Hey man with any purchase, you can always contact your CC and dispute if it doesn't show.

But talk to the forum first..let them know you are upset.  Maybe they can hook u up with a bonus for your delay.

Always exhaust your remedies before jumping the gun.  Anything can happen, even good businesses can have delays and unforseen issues. 

That is what I would do personally.


----------



## flexxthese (Mar 29, 2017)

"To Muscle Chem: Hi, I'd like to see this tracking number you referenced. Otherwise I will have to call the bank today and request a reversal. I do need some evidence of the shipment, I can't rely on "try again tomorrow."  I'm not saying you, but I do believe someone dropped the ball here and it did not get mailed out as you were told."

slimmed version From Muscle Chem: "oh youre going to try and threaten a reversal lol for you to say your not dealing with TRY AGAIN TOMORROW as is that's what I've been telling you day after day to no avail then that's bullshit!" "...Maybe I pissed in your igf,lol no" 
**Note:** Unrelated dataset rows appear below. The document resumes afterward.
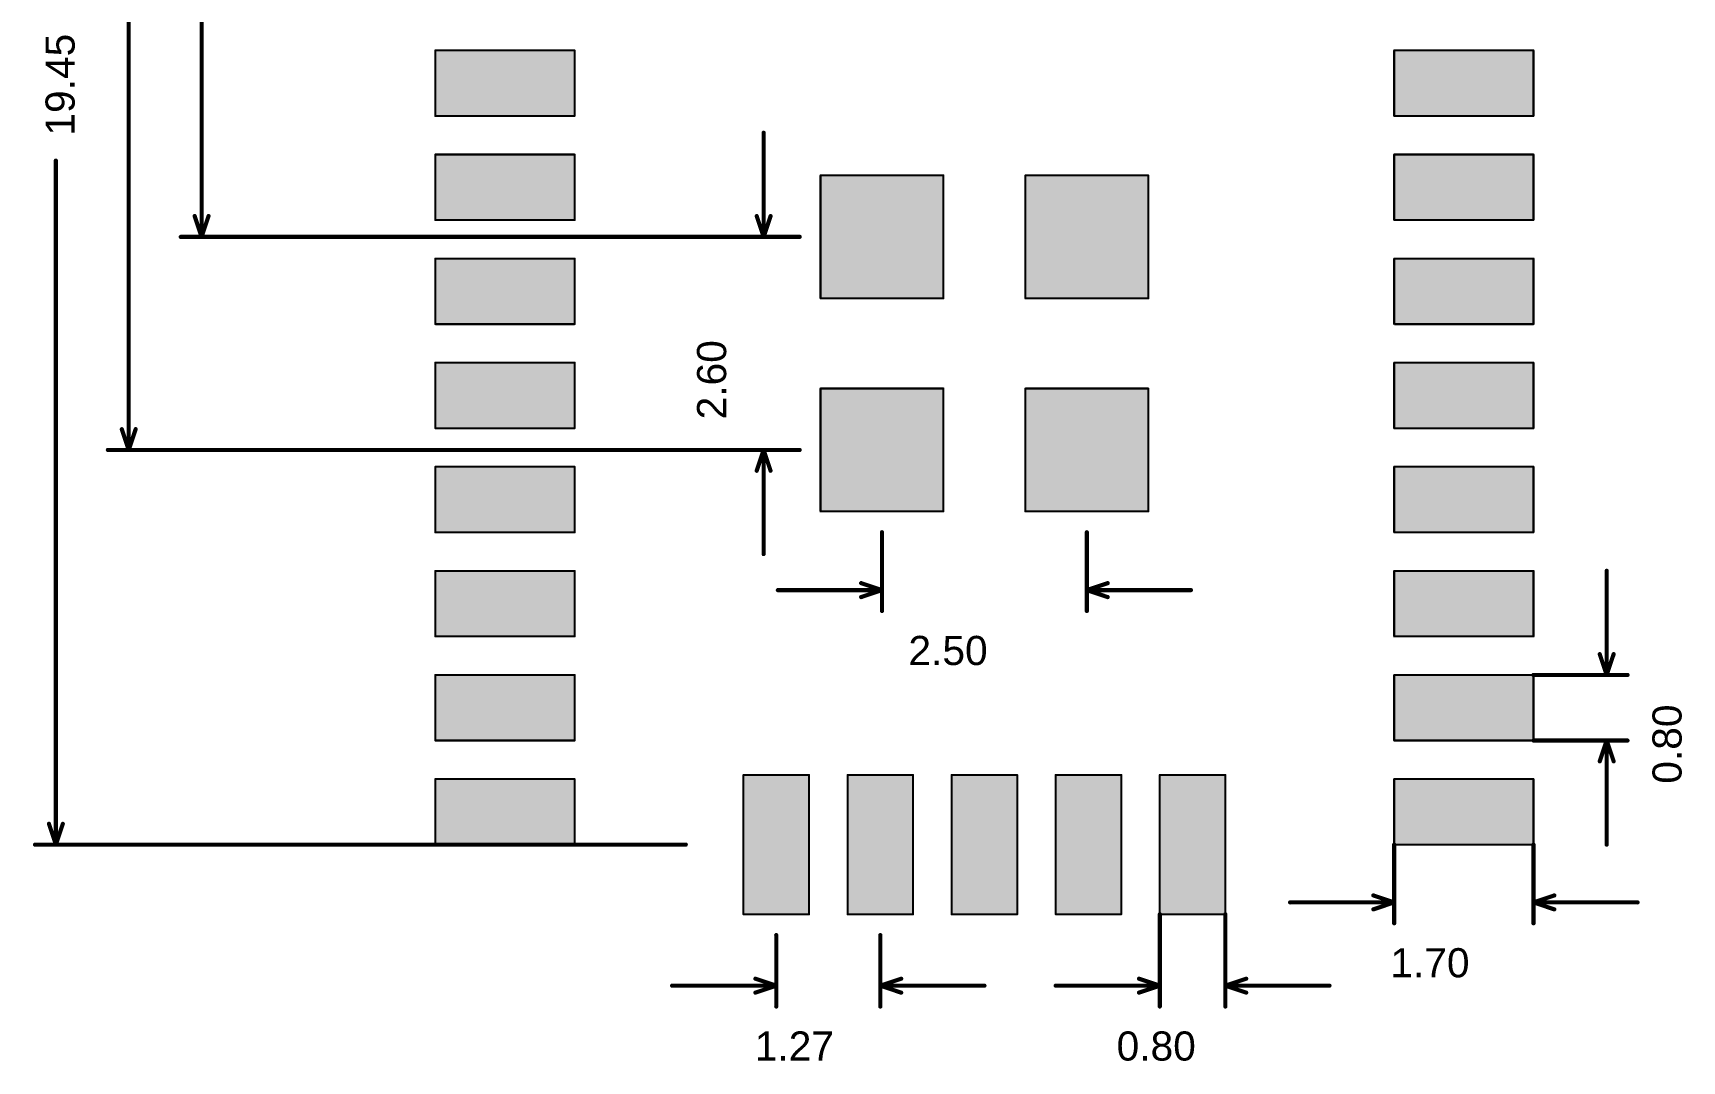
# Model space of a CAD drawing. Header units: inches. Extents: x -5.4 to 14.8, y -22.9 to 3.6.
# Drawn here: x -5.36 to 14.76, y -22.89 to -10.35 of the extents above; entities that cross this region are included whole.
import ezdxf

# ---------------------------------------------------------------- set-up
doc = ezdxf.new("R2010")
doc.units = ezdxf.units.IN
doc.layers.add('Mechanical 16', color=56, linetype='Continuous')
doc.layers.add('Top Layer', color=1, linetype='Continuous')
doc.styles.add('Arial', font='', dxfattribs={"height": 0.2})
doc.styles.get('Arial').set_extended_font_data('Arial')

msp = doc.modelspace()

# ---------------------------------------------------------------- hatches: boundary and pattern name
at = {"layer": 'Top Layer'}
for points in [[(-0.45, -10.56), (1.25, -10.56), (1.25, -11.36), (-0.45, -11.36)], [(12.95, -11.36), (11.25, -11.36), (11.25, -10.56), (12.95, -10.56)], [(-0.45, -11.83), (1.25, -11.83), (1.25, -12.63), (-0.45, -12.63)], [(12.95, -12.63), (11.25, -12.63), (11.25, -11.83), (12.95, -11.83)], [(4.25, -12.085), (5.75, -12.085), (5.75, -13.585), (4.25, -13.585)], [(6.75, -12.085), (8.25, -12.085), (8.25, -13.585), (6.75, -13.585)], [(-0.45, -13.1), (1.25, -13.1), (1.25, -13.9), (-0.45, -13.9)], [(12.95, -13.9), (11.25, -13.9), (11.25, -13.1), (12.95, -13.1)], [(-0.45, -14.37), (1.25, -14.37), (1.25, -15.17), (-0.45, -15.17)], [(12.95, -15.17), (11.25, -15.17), (11.25, -14.37), (12.95, -14.37)], [(4.25, -14.685), (5.75, -14.685), (5.75, -16.185), (4.25, -16.185)], [(6.75, -14.685), (8.25, -14.685), (8.25, -16.185), (6.75, -16.185)], [(-0.45, -15.64), (1.25, -15.64), (1.25, -16.44), (-0.45, -16.44)], [(12.95, -16.44), (11.25, -16.44), (11.25, -15.64), (12.95, -15.64)], [(-0.45, -16.91), (1.25, -16.91), (1.25, -17.71), (-0.45, -17.71)], [(12.95, -17.71), (11.25, -17.71), (11.25, -16.91), (12.95, -16.91)], [(-0.45, -18.18), (1.25, -18.18), (1.25, -18.98), (-0.45, -18.98)], [(12.95, -18.98), (11.25, -18.98), (11.25, -18.18), (12.95, -18.18)], [(-0.45, -19.45), (1.25, -19.45), (1.25, -20.25), (-0.45, -20.25)], [(3.31, -21.1), (3.31, -19.4), (4.11, -19.4), (4.11, -21.1)], [(4.58, -21.1), (4.58, -19.4), (5.38, -19.4), (5.38, -21.1)], [(5.85, -21.1), (5.85, -19.4), (6.65, -19.4), (6.65, -21.1)], [(7.12, -21.1), (7.12, -19.4), (7.92, -19.4), (7.92, -21.1)], [(8.39, -21.1), (8.39, -19.4), (9.19, -19.4), (9.19, -21.1)], [(12.95, -20.25), (11.25, -20.25), (11.25, -19.45), (12.95, -19.45)]]:
    msp.add_hatch(color=1, dxfattribs=at).paths.add_polyline_path(points)

# ---------------------------------------------------------------- linework, layer by layer
at = {"layer": 'Mechanical 16'}
for points, const_width in [([(-3.302, -12.835), (-3.302, -8.197)], 0.0508), ([(-4.191, -15.435), (-4.191, -9.497)], 0.0508), ([(-0.45, -11.36), (-0.45, -10.56)], 0.025), ([(-0.45, -10.56), (1.25, -10.56)], 0.025), ([(1.25, -11.36), (1.25, -10.56)], 0.025), ([(11.25, -10.56), (12.95, -10.56)], 0.025), ([(11.25, -11.36), (11.25, -10.56)], 0.025), ([(12.95, -11.36), (12.95, -10.56)], 0.025), ([(-0.45, -11.36), (1.25, -11.36)], 0.025), ([(11.25, -11.36), (12.95, -11.36)], 0.025), ([(3.556, -12.835), (3.556, -11.565)], 0.0508), ([(-0.45, -12.63), (-0.45, -11.83)], 0.025), ([(-0.45, -11.83), (1.25, -11.83)], 0.025), ([(1.25, -12.63), (1.25, -11.83)], 0.025), ([(11.25, -11.83), (12.95, -11.83)], 0.025), ([(11.25, -12.63), (11.25, -11.83)], 0.025), ([(12.95, -12.63), (12.95, -11.83)], 0.025), ([(-5.08, -20.25), (-5.08, -11.905)], 0.0508), ([(4.25, -12.085), (5.75, -12.085)], 0.025), ([(4.25, -13.585), (4.25, -12.085)], 0.025), ([(5.75, -13.585), (5.75, -12.085)], 0.025), ([(6.75, -13.585), (6.75, -12.085)], 0.025), ([(6.75, -12.085), (8.25, -12.085)], 0.025), ([(8.25, -13.585), (8.25, -12.085)], 0.025), ([(-3.387, -12.581), (-3.302, -12.835)], 0.0508), ([(-3.302, -12.835), (-3.217, -12.581)], 0.0508), ([(-0.45, -12.63), (1.25, -12.63)], 0.025), ([(3.471, -12.581), (3.556, -12.835)], 0.0508), ([(3.556, -12.835), (3.641, -12.581)], 0.0508), ([(11.25, -12.63), (12.95, -12.63)], 0.025), ([(-3.556, -12.835), (3.996, -12.835)], 0.0508), ([(3.302, -12.835), (3.996, -12.835)], 0.0508), ([(-0.45, -13.9), (-0.45, -13.1)], 0.025), ([(-0.45, -13.1), (1.25, -13.1)], 0.025), ([(1.25, -13.9), (1.25, -13.1)], 0.025), ([(11.25, -13.1), (12.95, -13.1)], 0.025), ([(11.25, -13.9), (11.25, -13.1)], 0.025), ([(12.95, -13.9), (12.95, -13.1)], 0.025), ([(4.25, -13.585), (5.75, -13.585)], 0.025), ([(6.75, -13.585), (8.25, -13.585)], 0.025), ([(-0.45, -13.9), (1.25, -13.9)], 0.025), ([(11.25, -13.9), (12.95, -13.9)], 0.025), ([(-0.45, -15.17), (-0.45, -14.37)], 0.025), ([(-0.45, -14.37), (1.25, -14.37)], 0.025), ([(1.25, -15.17), (1.25, -14.37)], 0.025), ([(11.25, -14.37), (12.95, -14.37)], 0.025), ([(11.25, -15.17), (11.25, -14.37)], 0.025), ([(12.95, -15.17), (12.95, -14.37)], 0.025), ([(4.25, -16.185), (4.25, -14.685)], 0.025), ([(4.25, -14.685), (5.75, -14.685)], 0.025), ([(5.75, -16.185), (5.75, -14.685)], 0.025), ([(6.75, -16.185), (6.75, -14.685)], 0.025), ([(6.75, -14.685), (8.25, -14.685)], 0.025), ([(8.25, -16.185), (8.25, -14.685)], 0.025), ([(-4.276, -15.181), (-4.191, -15.435)], 0.0508), ([(-4.191, -15.435), (-4.106, -15.181)], 0.0508), ([(-0.45, -15.17), (1.25, -15.17)], 0.025), ([(11.25, -15.17), (12.95, -15.17)], 0.025), ([(-4.445, -15.435), (3.996, -15.435)], 0.0508), ([(3.302, -15.435), (3.996, -15.435)], 0.0508), ([(3.471, -15.689), (3.556, -15.435)], 0.0508), ([(3.556, -16.705), (3.556, -15.435)], 0.0508), ([(3.556, -15.435), (3.641, -15.689)], 0.0508), ([(-0.45, -16.44), (-0.45, -15.64)], 0.025), ([(-0.45, -15.64), (1.25, -15.64)], 0.025), ([(1.25, -16.44), (1.25, -15.64)], 0.025), ([(11.25, -15.64), (12.95, -15.64)], 0.025), ([(11.25, -16.44), (11.25, -15.64)], 0.025), ([(12.95, -16.44), (12.95, -15.64)], 0.025), ([(4.25, -16.185), (5.75, -16.185)], 0.025), ([(6.75, -16.185), (8.25, -16.185)], 0.025), ([(-0.45, -16.44), (1.25, -16.44)], 0.025), ([(5, -17.399), (5, -16.439)], 0.0508), ([(7.5, -17.399), (7.5, -16.439)], 0.0508), ([(11.25, -16.44), (12.95, -16.44)], 0.025), ([(-0.45, -17.71), (-0.45, -16.91)], 0.025), ([(-0.45, -16.91), (1.25, -16.91)], 0.025), ([(1.25, -17.71), (1.25, -16.91)], 0.025), ([(11.25, -16.91), (12.95, -16.91)], 0.025), ([(11.25, -17.71), (11.25, -16.91)], 0.025), ([(12.95, -17.71), (12.95, -16.91)], 0.025), ([(13.843, -18.18), (13.843, -16.91)], 0.0508), ([(4.746, -17.06), (5, -17.145)], 0.0508), ([(7.5, -17.145), (7.754, -17.06)], 0.0508), ([(3.73, -17.145), (5, -17.145)], 0.0508), ([(4.746, -17.23), (5, -17.145)], 0.0508), ([(7.5, -17.145), (8.77, -17.145)], 0.0508), ([(7.5, -17.145), (7.754, -17.23)], 0.0508), ([(-0.45, -17.71), (1.25, -17.71)], 0.025), ([(11.25, -17.71), (12.95, -17.71)], 0.025), ([(13.758, -17.926), (13.843, -18.18)], 0.0508), ([(13.843, -18.18), (13.928, -17.926)], 0.0508), ([(-0.45, -18.98), (-0.45, -18.18)], 0.025), ([(-0.45, -18.18), (1.25, -18.18)], 0.025), ([(1.25, -18.98), (1.25, -18.18)], 0.025), ([(11.25, -18.18), (12.95, -18.18)], 0.025), ([(11.25, -18.98), (11.25, -18.18)], 0.025), ([(12.95, -18.18), (14.097, -18.18)], 0.0508), ([(12.95, -18.98), (12.95, -18.18)], 0.025), ([(-0.45, -18.98), (1.25, -18.98)], 0.025), ([(11.25, -18.98), (12.95, -18.98)], 0.025), ([(12.95, -18.98), (14.097, -18.98)], 0.0508), ([(13.758, -19.234), (13.843, -18.98)], 0.0508), ([(13.843, -20.25), (13.843, -18.98)], 0.0508), ([(13.843, -18.98), (13.928, -19.234)], 0.0508), ([(-0.45, -20.25), (-0.45, -19.45)], 0.025), ([(-0.45, -19.45), (1.25, -19.45)], 0.025), ([(1.25, -20.25), (1.25, -19.45)], 0.025), ([(3.31, -21.1), (3.31, -19.4)], 0.025), ([(3.31, -19.4), (4.11, -19.4)], 0.025), ([(4.11, -21.1), (4.11, -19.4)], 0.025), ([(4.58, -21.1), (4.58, -19.4)], 0.025), ([(4.58, -19.4), (5.38, -19.4)], 0.025), ([(5.38, -21.1), (5.38, -19.4)], 0.025), ([(5.85, -21.1), (5.85, -19.4)], 0.025), ([(5.85, -19.4), (6.65, -19.4)], 0.025), ([(6.65, -21.1), (6.65, -19.4)], 0.025), ([(7.12, -21.1), (7.12, -19.4)], 0.025), ([(7.12, -19.4), (7.92, -19.4)], 0.025), ([(7.92, -21.1), (7.92, -19.4)], 0.025), ([(8.39, -21.1), (8.39, -19.4)], 0.025), ([(8.39, -19.4), (9.19, -19.4)], 0.025), ([(9.19, -21.1), (9.19, -19.4)], 0.025), ([(11.25, -19.45), (12.95, -19.45)], 0.025), ([(11.25, -20.25), (11.25, -19.45)], 0.025), ([(12.95, -20.25), (12.95, -19.45)], 0.025), ([(-5.165, -19.996), (-5.08, -20.25)], 0.0508), ([(-5.08, -20.25), (-4.995, -19.996)], 0.0508), ([(-5.334, -20.25), (2.606, -20.25)], 0.0508), ([(-0.45, -20.25), (1.25, -20.25)], 0.025), ([(11.25, -21.209), (11.25, -20.25)], 0.0508), ([(11.25, -20.25), (12.95, -20.25)], 0.025), ([(12.95, -21.209), (12.95, -20.25)], 0.0508), ([(10.996, -20.87), (11.25, -20.955)], 0.0508), ([(12.95, -20.955), (13.204, -20.87)], 0.0508), ([(3.31, -21.1), (4.11, -21.1)], 0.025), ([(4.58, -21.1), (5.38, -21.1)], 0.025), ([(5.85, -21.1), (6.65, -21.1)], 0.025), ([(7.12, -21.1), (7.92, -21.1)], 0.025), ([(8.39, -22.225), (8.39, -21.1)], 0.0508), ([(8.39, -21.1), (9.19, -21.1)], 0.025), ([(9.19, -22.225), (9.19, -21.1)], 0.0508), ([(9.98, -20.955), (11.25, -20.955)], 0.0508), ([(10.996, -21.04), (11.25, -20.955)], 0.0508), ([(12.95, -20.955), (14.22, -20.955)], 0.0508), ([(12.95, -20.955), (13.204, -21.04)], 0.0508), ([(3.71, -22.225), (3.71, -21.354)], 0.0508), ([(4.98, -22.225), (4.98, -21.354)], 0.0508), ([(3.456, -21.886), (3.71, -21.971)], 0.0508), ([(4.98, -21.971), (5.234, -21.886)], 0.0508), ([(8.136, -21.886), (8.39, -21.971)], 0.0508), ([(9.19, -21.971), (9.444, -21.886)], 0.0508), ([(2.44, -21.971), (3.71, -21.971)], 0.0508), ([(3.456, -22.056), (3.71, -21.971)], 0.0508), ([(4.98, -21.971), (6.25, -21.971)], 0.0508), ([(4.98, -21.971), (5.234, -22.056)], 0.0508), ([(7.12, -21.971), (8.39, -21.971)], 0.0508), ([(8.136, -22.056), (8.39, -21.971)], 0.0508), ([(9.19, -21.971), (10.46, -21.971)], 0.0508), ([(9.19, -21.971), (9.444, -22.056)], 0.0508)]:
    msp.add_lwpolyline(points, dxfattribs=dict(at, const_width=const_width))
for points, const_width in [([(-0.456, -10.56, 1), (-0.444, -10.56, 1)], 0.0125), ([(-0.456, -10.56, 1), (-0.444, -10.56, 1)], 0.0125), ([(1.244, -10.56, 1), (1.256, -10.56, 1)], 0.0125), ([(1.244, -10.56, 1), (1.256, -10.56, 1)], 0.0125), ([(11.244, -10.56, 1), (11.256, -10.56, 1)], 0.0125), ([(11.244, -10.56, 1), (11.256, -10.56, 1)], 0.0125), ([(12.944, -10.56, 1), (12.956, -10.56, 1)], 0.0125), ([(12.944, -10.56, 1), (12.956, -10.56, 1)], 0.0125), ([(-0.456, -11.36, 1), (-0.444, -11.36, 1)], 0.0125), ([(-0.456, -11.36, 1), (-0.444, -11.36, 1)], 0.0125), ([(1.244, -11.36, 1), (1.256, -11.36, 1)], 0.0125), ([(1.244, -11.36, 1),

Yeah i run a business myself and wouldn't talk to a customer like this...let alone in writing, or when theyre obviously concerned about where their money went and you won't offer any proof you didn't smoke crack with it. he now swears again, that it's coming tomorrow. He says he looked it up personally but won't give me the information "for obvious reasons"...I could order AAS and get a tracking number for shit's sake. There's plenty other vendors to go with. Sure great businesses have hiccups, but that's no excuse to string a customer along and then treat them like crap and laugh at them for wanting their money back when you don't pull through.


----------



## GYMnTONIC (Mar 29, 2017)

Yeah man that's not good at all and the tracking thing makes no sense. If it were me I'd personally dispute the charge.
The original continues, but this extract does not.